I imagine some people are uncomfortable with the word intimacy in business situations. Intimacy is not necessarily physical, but it does involve emotions of caring, belonging, and trust that are often what drive buying behaviors.
For me personally, I have reduced my posts here because I’m also working to develop more inclusive and intimate communities with my weekly newsletter and upcoming weekly podcast. For those of you that are doing the same with your communities, you know there is a significant emotional and time commitment associated with giving your very best.
When you give your community your best they will learn to expect that on a regular basis. That’s the commitment. So, for this to work you have to decide if you want to go viral or build a sustainable business. I’m assuming you are choosing the latter.
Practices for developing more intimate communities.
1. Encourage replies to your weekly newsletter (and of course respond in kind). Hat tip to Chris Brogan for this.
2. Show up on time and with regularity. That’s what friends do.
3. Deliver original perspectives that can be found nowhere else, including your other channels.
4. Create a new language of recognizable keywords and phrases that are exclusive to your community.
5. Be inclusive. That’s what intimacy is all about.
Choose to Connect with People That Care
My experience with some of the most connected and influential people on the web is that they are responsive.
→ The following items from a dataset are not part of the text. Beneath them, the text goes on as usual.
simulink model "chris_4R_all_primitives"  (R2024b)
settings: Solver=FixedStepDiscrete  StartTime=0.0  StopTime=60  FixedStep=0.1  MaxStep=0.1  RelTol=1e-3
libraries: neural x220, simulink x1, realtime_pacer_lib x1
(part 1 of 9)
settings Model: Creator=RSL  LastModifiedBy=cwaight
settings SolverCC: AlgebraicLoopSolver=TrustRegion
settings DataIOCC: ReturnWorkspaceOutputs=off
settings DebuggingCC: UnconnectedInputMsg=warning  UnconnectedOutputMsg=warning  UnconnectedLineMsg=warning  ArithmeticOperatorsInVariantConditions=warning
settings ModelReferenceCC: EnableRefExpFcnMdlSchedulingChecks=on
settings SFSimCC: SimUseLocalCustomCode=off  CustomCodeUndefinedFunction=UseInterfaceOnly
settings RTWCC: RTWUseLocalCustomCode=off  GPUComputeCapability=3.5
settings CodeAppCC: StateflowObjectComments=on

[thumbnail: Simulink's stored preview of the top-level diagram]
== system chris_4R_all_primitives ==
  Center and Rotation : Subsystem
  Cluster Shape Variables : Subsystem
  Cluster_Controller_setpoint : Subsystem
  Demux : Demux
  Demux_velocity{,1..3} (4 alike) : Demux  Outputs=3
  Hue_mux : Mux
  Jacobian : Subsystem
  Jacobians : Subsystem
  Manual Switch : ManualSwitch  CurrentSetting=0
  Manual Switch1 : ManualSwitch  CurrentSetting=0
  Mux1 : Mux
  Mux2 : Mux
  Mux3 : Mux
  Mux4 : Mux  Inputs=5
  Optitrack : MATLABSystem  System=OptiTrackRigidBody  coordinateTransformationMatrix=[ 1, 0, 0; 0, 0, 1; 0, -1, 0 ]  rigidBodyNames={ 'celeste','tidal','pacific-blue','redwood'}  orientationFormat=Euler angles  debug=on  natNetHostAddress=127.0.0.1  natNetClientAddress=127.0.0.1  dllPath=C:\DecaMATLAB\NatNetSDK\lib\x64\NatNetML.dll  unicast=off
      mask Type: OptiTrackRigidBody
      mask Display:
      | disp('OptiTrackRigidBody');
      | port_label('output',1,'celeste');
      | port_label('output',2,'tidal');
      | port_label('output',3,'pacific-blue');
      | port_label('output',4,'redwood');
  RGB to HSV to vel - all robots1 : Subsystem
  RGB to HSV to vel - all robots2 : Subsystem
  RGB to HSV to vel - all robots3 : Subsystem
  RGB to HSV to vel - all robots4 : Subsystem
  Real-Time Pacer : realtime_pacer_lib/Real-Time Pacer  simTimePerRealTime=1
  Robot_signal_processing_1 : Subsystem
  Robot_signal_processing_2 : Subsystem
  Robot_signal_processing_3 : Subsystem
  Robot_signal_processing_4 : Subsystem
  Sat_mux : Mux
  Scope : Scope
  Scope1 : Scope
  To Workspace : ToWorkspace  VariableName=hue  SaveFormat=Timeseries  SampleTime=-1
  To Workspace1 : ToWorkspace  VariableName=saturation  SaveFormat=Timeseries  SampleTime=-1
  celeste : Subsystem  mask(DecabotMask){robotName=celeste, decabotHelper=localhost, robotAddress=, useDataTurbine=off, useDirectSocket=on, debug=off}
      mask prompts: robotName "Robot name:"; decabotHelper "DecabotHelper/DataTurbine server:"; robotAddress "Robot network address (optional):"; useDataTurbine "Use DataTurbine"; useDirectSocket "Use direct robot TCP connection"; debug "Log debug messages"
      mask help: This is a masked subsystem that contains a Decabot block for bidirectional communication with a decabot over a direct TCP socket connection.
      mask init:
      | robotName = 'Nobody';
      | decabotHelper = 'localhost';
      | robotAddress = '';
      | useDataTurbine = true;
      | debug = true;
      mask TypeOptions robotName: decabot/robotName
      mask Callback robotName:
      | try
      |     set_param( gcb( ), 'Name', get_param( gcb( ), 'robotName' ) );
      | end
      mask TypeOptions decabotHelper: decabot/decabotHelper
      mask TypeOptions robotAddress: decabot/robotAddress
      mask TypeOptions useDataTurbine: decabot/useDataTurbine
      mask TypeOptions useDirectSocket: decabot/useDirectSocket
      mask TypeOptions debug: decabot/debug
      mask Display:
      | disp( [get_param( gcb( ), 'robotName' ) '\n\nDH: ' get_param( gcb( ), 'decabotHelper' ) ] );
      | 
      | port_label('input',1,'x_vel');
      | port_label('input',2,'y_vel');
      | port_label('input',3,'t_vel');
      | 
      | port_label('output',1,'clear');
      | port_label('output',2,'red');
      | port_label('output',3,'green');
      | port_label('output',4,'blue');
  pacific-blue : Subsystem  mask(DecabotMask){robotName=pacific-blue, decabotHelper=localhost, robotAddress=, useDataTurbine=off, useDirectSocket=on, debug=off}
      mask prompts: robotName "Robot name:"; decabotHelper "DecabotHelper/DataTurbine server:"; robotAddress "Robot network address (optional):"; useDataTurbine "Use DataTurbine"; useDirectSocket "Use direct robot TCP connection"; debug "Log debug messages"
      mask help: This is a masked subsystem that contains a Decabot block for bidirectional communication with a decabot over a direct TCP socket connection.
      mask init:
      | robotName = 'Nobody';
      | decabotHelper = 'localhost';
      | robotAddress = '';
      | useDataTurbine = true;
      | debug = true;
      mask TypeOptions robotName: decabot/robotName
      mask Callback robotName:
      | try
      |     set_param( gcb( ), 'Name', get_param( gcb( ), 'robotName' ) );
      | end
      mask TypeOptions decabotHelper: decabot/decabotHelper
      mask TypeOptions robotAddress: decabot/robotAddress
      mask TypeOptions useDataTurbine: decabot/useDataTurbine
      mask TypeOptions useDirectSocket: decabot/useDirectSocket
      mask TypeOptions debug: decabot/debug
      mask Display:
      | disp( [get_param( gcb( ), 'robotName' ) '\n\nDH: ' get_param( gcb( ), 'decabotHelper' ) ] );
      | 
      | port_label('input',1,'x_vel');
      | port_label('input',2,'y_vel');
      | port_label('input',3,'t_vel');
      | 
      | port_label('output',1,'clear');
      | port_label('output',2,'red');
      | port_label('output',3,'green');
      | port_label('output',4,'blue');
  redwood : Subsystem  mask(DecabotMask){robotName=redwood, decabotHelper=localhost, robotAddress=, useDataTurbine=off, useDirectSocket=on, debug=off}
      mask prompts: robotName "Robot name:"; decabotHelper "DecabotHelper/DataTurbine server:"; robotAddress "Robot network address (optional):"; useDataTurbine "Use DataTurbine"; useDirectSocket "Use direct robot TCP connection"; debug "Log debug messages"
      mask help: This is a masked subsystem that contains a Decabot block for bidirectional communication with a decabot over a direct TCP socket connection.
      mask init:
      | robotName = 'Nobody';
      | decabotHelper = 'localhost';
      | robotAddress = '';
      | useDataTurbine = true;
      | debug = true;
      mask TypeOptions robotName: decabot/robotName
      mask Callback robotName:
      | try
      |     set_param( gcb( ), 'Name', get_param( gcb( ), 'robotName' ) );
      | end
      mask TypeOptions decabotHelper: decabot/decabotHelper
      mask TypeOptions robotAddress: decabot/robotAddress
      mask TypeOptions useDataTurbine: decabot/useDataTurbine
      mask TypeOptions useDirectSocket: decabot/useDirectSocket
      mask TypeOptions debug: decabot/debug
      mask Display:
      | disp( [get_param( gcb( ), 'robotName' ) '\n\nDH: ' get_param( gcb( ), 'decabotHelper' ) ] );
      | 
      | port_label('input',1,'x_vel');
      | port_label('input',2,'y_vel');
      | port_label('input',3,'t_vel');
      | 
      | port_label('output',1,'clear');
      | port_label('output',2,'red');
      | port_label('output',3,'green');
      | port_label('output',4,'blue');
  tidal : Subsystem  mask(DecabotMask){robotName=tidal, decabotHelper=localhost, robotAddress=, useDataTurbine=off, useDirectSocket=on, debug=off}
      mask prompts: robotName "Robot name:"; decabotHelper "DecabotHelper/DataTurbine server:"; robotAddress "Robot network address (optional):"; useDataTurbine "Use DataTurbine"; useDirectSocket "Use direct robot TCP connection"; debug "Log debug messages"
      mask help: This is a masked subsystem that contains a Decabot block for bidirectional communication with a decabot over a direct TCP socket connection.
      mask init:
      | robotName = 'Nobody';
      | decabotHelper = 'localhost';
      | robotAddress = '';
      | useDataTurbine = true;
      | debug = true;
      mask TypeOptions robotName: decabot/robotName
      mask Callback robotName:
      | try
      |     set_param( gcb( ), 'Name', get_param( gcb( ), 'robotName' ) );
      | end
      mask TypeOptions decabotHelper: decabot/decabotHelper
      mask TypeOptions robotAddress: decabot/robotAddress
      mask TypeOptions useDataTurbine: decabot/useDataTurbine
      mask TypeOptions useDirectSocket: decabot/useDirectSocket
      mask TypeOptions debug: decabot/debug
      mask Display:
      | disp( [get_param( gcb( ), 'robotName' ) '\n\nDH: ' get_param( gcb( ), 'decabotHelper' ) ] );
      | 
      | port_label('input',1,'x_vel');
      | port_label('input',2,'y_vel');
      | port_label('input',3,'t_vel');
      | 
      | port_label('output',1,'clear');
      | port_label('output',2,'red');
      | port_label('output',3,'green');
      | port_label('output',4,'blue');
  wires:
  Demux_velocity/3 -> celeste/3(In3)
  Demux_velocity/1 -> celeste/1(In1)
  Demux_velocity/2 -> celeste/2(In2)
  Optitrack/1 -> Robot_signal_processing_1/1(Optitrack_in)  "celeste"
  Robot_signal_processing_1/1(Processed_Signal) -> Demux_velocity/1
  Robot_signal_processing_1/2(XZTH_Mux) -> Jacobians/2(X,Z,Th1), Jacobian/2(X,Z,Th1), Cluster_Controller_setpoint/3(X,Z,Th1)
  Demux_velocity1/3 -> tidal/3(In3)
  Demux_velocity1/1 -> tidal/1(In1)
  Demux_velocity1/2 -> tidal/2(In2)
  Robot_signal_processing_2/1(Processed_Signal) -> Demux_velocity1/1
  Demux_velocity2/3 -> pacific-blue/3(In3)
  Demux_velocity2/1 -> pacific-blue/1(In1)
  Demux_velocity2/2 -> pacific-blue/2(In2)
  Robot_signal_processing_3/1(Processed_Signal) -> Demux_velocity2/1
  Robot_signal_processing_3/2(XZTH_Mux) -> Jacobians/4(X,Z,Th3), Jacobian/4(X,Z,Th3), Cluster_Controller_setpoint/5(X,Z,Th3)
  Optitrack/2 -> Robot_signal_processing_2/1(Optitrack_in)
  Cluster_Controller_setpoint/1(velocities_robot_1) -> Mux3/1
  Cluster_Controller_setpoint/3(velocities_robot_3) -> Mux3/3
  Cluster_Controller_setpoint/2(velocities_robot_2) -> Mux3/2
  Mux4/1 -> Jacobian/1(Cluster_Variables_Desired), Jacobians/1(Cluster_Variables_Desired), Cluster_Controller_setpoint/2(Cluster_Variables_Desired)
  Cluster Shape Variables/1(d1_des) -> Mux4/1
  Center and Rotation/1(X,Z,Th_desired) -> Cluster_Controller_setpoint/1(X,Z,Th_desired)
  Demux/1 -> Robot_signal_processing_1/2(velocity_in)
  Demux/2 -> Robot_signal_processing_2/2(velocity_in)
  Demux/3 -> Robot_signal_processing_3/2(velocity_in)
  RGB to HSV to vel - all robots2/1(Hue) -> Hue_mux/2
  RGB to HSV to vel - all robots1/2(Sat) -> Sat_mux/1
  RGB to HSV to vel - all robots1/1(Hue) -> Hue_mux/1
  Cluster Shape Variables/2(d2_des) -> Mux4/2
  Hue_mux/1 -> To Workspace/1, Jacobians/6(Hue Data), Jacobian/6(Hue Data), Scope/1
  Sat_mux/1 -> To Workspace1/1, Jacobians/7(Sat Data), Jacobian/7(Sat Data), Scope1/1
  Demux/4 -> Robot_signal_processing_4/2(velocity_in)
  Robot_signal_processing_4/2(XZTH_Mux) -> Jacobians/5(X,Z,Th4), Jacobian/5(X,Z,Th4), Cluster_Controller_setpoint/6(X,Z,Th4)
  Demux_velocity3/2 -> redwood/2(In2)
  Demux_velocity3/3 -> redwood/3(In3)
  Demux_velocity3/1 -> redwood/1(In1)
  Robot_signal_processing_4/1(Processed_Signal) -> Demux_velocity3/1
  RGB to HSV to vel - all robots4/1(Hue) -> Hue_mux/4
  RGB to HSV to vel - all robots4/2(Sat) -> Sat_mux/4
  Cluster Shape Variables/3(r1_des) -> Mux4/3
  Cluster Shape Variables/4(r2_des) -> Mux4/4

This doesn’t mean they respond to every single tweet and comment, but their communities nevertheless know they care. How about yours?
People that care enough to take the action of responding are the ones that can help you grow your business. They may be colleagues, customers, or influencers. However they are typically defined, I personally like to think of them all as partners.
The social web is teaching us that sharing, cooperation, and collaboration are the methods for accomplishing both ordinary and even extraordinary results. What is not so obvious is how a more intimate approach to marketing and selling can breathe new life into our communities.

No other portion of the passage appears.